[Records for processing Boundary: Start]

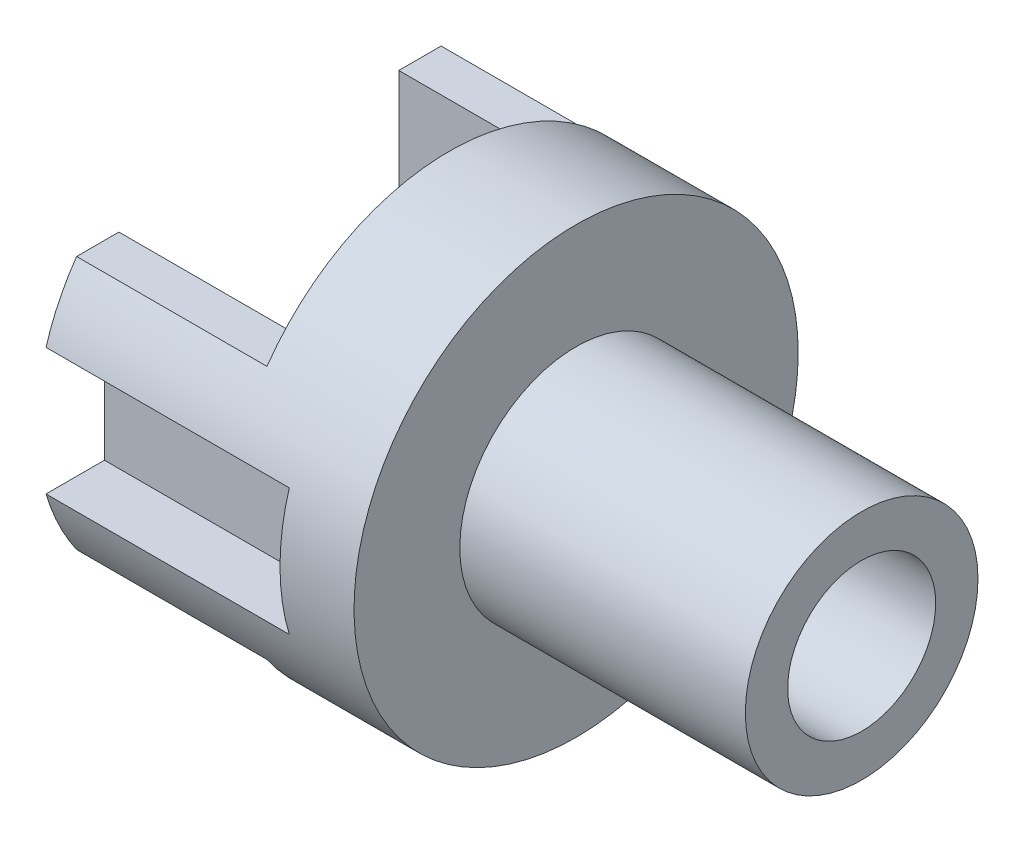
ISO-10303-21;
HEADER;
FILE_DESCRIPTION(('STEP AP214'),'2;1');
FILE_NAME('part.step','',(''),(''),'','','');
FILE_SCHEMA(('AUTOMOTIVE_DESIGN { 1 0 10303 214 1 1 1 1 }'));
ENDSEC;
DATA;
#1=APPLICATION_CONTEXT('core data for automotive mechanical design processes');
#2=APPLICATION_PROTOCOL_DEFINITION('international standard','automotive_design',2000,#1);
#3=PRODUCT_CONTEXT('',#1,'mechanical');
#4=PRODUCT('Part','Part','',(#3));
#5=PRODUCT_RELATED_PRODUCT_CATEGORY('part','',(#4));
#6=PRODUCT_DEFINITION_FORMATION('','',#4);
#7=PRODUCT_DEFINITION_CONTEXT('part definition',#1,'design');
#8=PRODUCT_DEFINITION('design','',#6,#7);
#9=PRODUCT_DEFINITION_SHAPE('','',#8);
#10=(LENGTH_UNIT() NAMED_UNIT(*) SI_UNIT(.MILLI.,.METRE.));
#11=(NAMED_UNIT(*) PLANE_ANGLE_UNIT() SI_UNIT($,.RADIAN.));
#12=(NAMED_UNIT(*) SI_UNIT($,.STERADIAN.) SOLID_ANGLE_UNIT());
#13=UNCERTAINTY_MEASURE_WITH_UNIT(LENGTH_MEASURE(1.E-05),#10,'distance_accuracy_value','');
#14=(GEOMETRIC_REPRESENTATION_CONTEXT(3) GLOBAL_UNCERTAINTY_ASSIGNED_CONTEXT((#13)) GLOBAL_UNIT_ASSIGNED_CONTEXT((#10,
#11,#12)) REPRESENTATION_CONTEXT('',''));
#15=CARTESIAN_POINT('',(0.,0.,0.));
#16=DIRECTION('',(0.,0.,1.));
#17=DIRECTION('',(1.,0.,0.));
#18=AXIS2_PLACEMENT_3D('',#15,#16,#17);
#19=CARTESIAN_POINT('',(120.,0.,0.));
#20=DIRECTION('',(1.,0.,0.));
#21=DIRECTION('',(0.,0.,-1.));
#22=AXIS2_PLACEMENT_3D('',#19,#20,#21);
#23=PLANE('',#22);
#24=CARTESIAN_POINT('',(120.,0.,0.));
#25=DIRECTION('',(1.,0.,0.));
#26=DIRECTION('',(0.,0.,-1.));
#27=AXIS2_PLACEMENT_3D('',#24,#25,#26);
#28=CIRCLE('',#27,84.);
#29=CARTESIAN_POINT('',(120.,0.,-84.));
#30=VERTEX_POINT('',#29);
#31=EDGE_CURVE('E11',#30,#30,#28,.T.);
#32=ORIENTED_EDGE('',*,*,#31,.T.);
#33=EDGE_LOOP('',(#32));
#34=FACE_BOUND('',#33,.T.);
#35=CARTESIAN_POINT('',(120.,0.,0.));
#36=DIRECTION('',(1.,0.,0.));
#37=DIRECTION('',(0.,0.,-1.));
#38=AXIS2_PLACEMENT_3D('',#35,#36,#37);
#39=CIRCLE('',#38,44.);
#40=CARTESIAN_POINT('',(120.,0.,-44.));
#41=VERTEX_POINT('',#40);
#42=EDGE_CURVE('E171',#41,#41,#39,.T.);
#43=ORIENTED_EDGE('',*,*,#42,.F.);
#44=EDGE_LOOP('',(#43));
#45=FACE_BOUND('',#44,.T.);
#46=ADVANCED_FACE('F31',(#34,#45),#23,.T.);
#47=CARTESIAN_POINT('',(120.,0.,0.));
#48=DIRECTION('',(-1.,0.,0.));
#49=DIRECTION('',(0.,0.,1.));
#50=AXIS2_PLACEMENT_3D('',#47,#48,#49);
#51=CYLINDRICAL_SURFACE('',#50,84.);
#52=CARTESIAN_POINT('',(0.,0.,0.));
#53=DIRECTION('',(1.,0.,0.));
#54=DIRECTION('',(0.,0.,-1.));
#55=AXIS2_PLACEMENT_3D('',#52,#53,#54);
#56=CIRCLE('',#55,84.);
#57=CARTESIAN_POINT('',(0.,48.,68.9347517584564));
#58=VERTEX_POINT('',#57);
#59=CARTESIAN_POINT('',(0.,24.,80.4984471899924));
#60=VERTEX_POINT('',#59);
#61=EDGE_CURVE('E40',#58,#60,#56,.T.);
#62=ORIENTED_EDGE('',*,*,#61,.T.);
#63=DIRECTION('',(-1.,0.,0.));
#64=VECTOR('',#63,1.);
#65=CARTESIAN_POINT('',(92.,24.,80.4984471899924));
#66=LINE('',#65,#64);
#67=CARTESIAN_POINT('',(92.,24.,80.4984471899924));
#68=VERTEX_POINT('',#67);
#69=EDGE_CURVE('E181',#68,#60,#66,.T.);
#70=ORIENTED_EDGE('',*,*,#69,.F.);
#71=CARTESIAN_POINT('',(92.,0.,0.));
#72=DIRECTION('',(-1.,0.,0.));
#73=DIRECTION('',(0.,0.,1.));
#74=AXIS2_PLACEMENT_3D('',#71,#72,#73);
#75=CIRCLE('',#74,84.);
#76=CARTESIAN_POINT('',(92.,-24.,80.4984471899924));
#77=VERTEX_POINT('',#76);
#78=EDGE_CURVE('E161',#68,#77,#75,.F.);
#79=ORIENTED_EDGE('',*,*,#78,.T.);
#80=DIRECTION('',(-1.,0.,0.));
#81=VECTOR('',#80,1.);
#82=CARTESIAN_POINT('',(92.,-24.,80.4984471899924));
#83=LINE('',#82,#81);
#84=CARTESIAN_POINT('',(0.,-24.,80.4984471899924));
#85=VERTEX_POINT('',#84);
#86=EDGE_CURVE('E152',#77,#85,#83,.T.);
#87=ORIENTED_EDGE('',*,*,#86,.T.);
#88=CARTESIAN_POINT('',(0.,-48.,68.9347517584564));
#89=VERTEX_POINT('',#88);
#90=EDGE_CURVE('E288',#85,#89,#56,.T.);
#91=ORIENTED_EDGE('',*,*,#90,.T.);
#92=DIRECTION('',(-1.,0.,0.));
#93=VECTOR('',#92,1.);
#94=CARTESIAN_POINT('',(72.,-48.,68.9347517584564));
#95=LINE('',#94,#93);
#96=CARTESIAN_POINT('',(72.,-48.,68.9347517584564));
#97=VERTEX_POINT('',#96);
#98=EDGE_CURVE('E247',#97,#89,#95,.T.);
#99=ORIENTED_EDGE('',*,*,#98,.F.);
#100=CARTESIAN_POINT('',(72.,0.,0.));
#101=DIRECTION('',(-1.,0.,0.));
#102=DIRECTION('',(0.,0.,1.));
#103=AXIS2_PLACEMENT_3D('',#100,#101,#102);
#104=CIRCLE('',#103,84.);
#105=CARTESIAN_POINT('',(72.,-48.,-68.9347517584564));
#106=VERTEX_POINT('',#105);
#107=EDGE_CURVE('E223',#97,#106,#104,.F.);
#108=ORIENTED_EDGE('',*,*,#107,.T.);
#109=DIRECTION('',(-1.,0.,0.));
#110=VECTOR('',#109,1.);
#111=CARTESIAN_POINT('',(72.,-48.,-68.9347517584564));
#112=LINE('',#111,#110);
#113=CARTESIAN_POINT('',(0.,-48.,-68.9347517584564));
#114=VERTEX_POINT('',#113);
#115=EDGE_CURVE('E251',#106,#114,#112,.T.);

[Records for processing Boundary: End]

_Task description_: Work through the entries, filtering for the string "VECTOR", and copy each line that holds it.

_Output of the task_:
#64=VECTOR('',#63,1.);
#81=VECTOR('',#80,1.);
#93=VECTOR('',#92,1.);
#110=VECTOR('',#109,1.);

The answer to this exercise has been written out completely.